### Material for the task
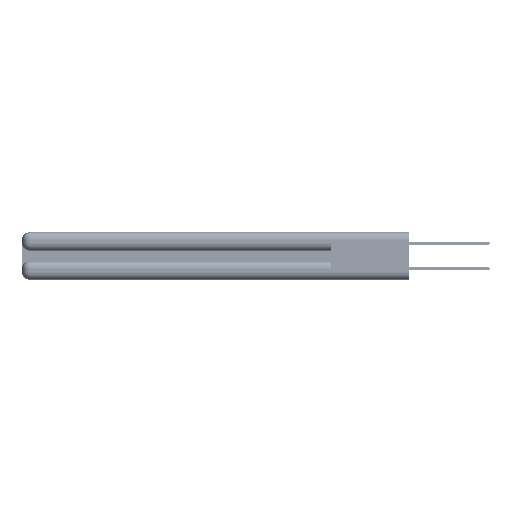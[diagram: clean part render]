
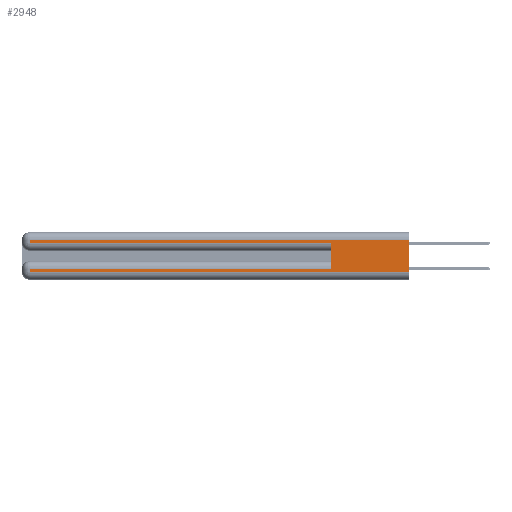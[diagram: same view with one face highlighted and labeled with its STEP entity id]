
A CAD part, left-side view. The second image highlights one B-rep face of the part: STEP entity #2948.
In plain terms, the highlighted planar face has unit normal (-1, 0, 0).
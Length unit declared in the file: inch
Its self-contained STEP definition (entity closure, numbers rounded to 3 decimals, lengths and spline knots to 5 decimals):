
#539 = DIRECTION ( 'NONE',  ( 0., 0., -1. ) ) ;
#1122 = DIRECTION ( 'NONE',  ( 0., 1., 0. ) ) ;
#2492 = VERTEX_POINT ( 'NONE', #30124 ) ;
#2948 = ADVANCED_FACE ( 'NONE', ( #7446 ), #33115, .F. ) ;
#3318 = EDGE_CURVE ( 'NONE', #2492, #50933, #28257, .T. ) ;
#4517 = VECTOR ( 'NONE', #15011, 39.37008 ) ;
#6800 = VECTOR ( 'NONE', #31542, 39.37008 ) ;
#7344 = DIRECTION ( 'NONE',  ( 1., 0., 0. ) ) ;
#7446 = FACE_OUTER_BOUND ( 'NONE', #23496, .T. ) ;
#7591 = EDGE_CURVE ( 'NONE', #19159, #17842, #20024, .T. ) ;
#7679 = ORIENTED_EDGE ( 'NONE', *, *, #18879, .F. ) ;
#8005 = CARTESIAN_POINT ( 'NONE',  ( 0., 2.94, 0.31 ) ) ;
#9173 = DIRECTION ( 'NONE',  ( 0., -1., 0. ) ) ;
#10092 = VECTOR ( 'NONE', #37022, 39.37008 ) ;
#10145 = VERTEX_POINT ( 'NONE', #46100 ) ;
#11259 = CARTESIAN_POINT ( 'NONE',  ( 0., 2.94, 0.37 ) ) ;
#11677 = DIRECTION ( 'NONE',  ( 0., 0., -1. ) ) ;
#13948 = ORIENTED_EDGE ( 'NONE', *, *, #41630, .T. ) ;
#15011 = DIRECTION ( 'NONE',  ( 0., 0., -1. ) ) ;
#16397 = LINE ( 'NONE', #17467, #24461 ) ;
#17467 = CARTESIAN_POINT ( 'NONE',  ( 0., 0., 0.285 ) ) ;
#17842 = VERTEX_POINT ( 'NONE', #21292 ) ;
#18704 = VECTOR ( 'NONE', #1122, 39.37008 ) ;
#18879 = EDGE_CURVE ( 'NONE', #34493, #10145, #45258, .T. ) ;
#19159 = VERTEX_POINT ( 'NONE', #8005 ) ;
#19333 = EDGE_CURVE ( 'NONE', #36150, #19159, #49890, .T. ) ;
#19338 = CARTESIAN_POINT ( 'NONE',  ( 0., 2.94, 0.37 ) ) ;
#20024 = LINE ( 'NONE', #19338, #4517 ) ;
#21268 = LINE ( 'NONE', #43304, #31364 ) ;
#21292 = CARTESIAN_POINT ( 'NONE',  ( 0., 2.94, 0.285 ) ) ;
#22173 = VERTEX_POINT ( 'NONE', #49197 ) ;
#22768 = LINE ( 'NONE', #32196, #42298 ) ;
#23406 = ORIENTED_EDGE ( 'NONE', *, *, #19333, .T. ) ;
#23496 = EDGE_LOOP ( 'NONE', ( #36018, #23406, #24131, #13948, #7679, #45262, #27483, #54355 ) ) ;
#24131 = ORIENTED_EDGE ( 'NONE', *, *, #7591, .T. ) ;
#24301 = CARTESIAN_POINT ( 'NONE',  ( 0., 2.94, 0.06 ) ) ;
#24430 = CARTESIAN_POINT ( 'NONE',  ( 0., 0., 0.31 ) ) ;
#24461 = VECTOR ( 'NONE', #9173, 39.37008 ) ;
#24762 = EDGE_CURVE ( 'NONE', #50933, #22173, #22768, .T. ) ;
#26721 = CARTESIAN_POINT ( 'NONE',  ( 0., 0., 0.085 ) ) ;
#27118 = DIRECTION ( 'NONE',  ( 0., -1., 0. ) ) ;
#27444 = AXIS2_PLACEMENT_3D ( 'NONE', #32920, #7344, #11677 ) ;
#27483 = ORIENTED_EDGE ( 'NONE', *, *, #3318, .T. ) ;
#28257 = LINE ( 'NONE', #11259, #10092 ) ;
#30124 = CARTESIAN_POINT ( 'NONE',  ( 0., 2.94, 0.085 ) ) ;
#31364 = VECTOR ( 'NONE', #539, 39.37008 ) ;
#31542 = DIRECTION ( 'NONE',  ( 0., 1., 0. ) ) ;
#32196 = CARTESIAN_POINT ( 'NONE',  ( 0., 0., 0.06 ) ) ;
#32442 = VECTOR ( 'NONE', #44922, 39.37008 ) ;
#32920 = CARTESIAN_POINT ( 'NONE',  ( 0., 0., 0.37 ) ) ;
#33115 = PLANE ( 'NONE',  #27444 ) ;
#33457 = LINE ( 'NONE', #26721, #18704 ) ;
#34237 = EDGE_CURVE ( 'NONE', #36150, #22173, #21268, .T. ) ;
#34493 = VERTEX_POINT ( 'NONE', #54317 ) ;
#36018 = ORIENTED_EDGE ( 'NONE', *, *, #34237, .F. ) ;
#36058 = CARTESIAN_POINT ( 'NONE',  ( 0., 0.6, 0.145 ) ) ;
#36150 = VERTEX_POINT ( 'NONE', #24430 ) ;
#37022 = DIRECTION ( 'NONE',  ( 0., 0., -1. ) ) ;
#41630 = EDGE_CURVE ( 'NONE', #17842, #10145, #16397, .T. ) ;
#42298 = VECTOR ( 'NONE', #27118, 39.37008 ) ;
#43304 = CARTESIAN_POINT ( 'NONE',  ( 0., 0., 0.37 ) ) ;
#44922 = DIRECTION ( 'NONE',  ( 0., 0., 1. ) ) ;
#45258 = LINE ( 'NONE', #36058, #32442 ) ;
#45262 = ORIENTED_EDGE ( 'NONE', *, *, #47876, .T. ) ;
#46100 = CARTESIAN_POINT ( 'NONE',  ( 0., 0.6, 0.285 ) ) ;
#47876 = EDGE_CURVE ( 'NONE', #34493, #2492, #33457, .T. ) ;
#49197 = CARTESIAN_POINT ( 'NONE',  ( 0., 0., 0.06 ) ) ;
#49890 = LINE ( 'NONE', #51144, #6800 ) ;
#50933 = VERTEX_POINT ( 'NONE', #24301 ) ;
#51144 = CARTESIAN_POINT ( 'NONE',  ( 0., 0., 0.31 ) ) ;
#54317 = CARTESIAN_POINT ( 'NONE',  ( 0., 0.6, 0.085 ) ) ;
#54355 = ORIENTED_EDGE ( 'NONE', *, *, #24762, .T. ) ;

### What to do
Only an exact copy is wanted: the lines from the opening of the material through the line that has "A CAD part, left-side", minus any pictures.

### Reply to the task
[diagram: clean part render]
[diagram: same view with one face highlighted and labeled with its STEP entity id]
A CAD part, left-side view. The second image highlights one B-rep face of the part: STEP entity #2948.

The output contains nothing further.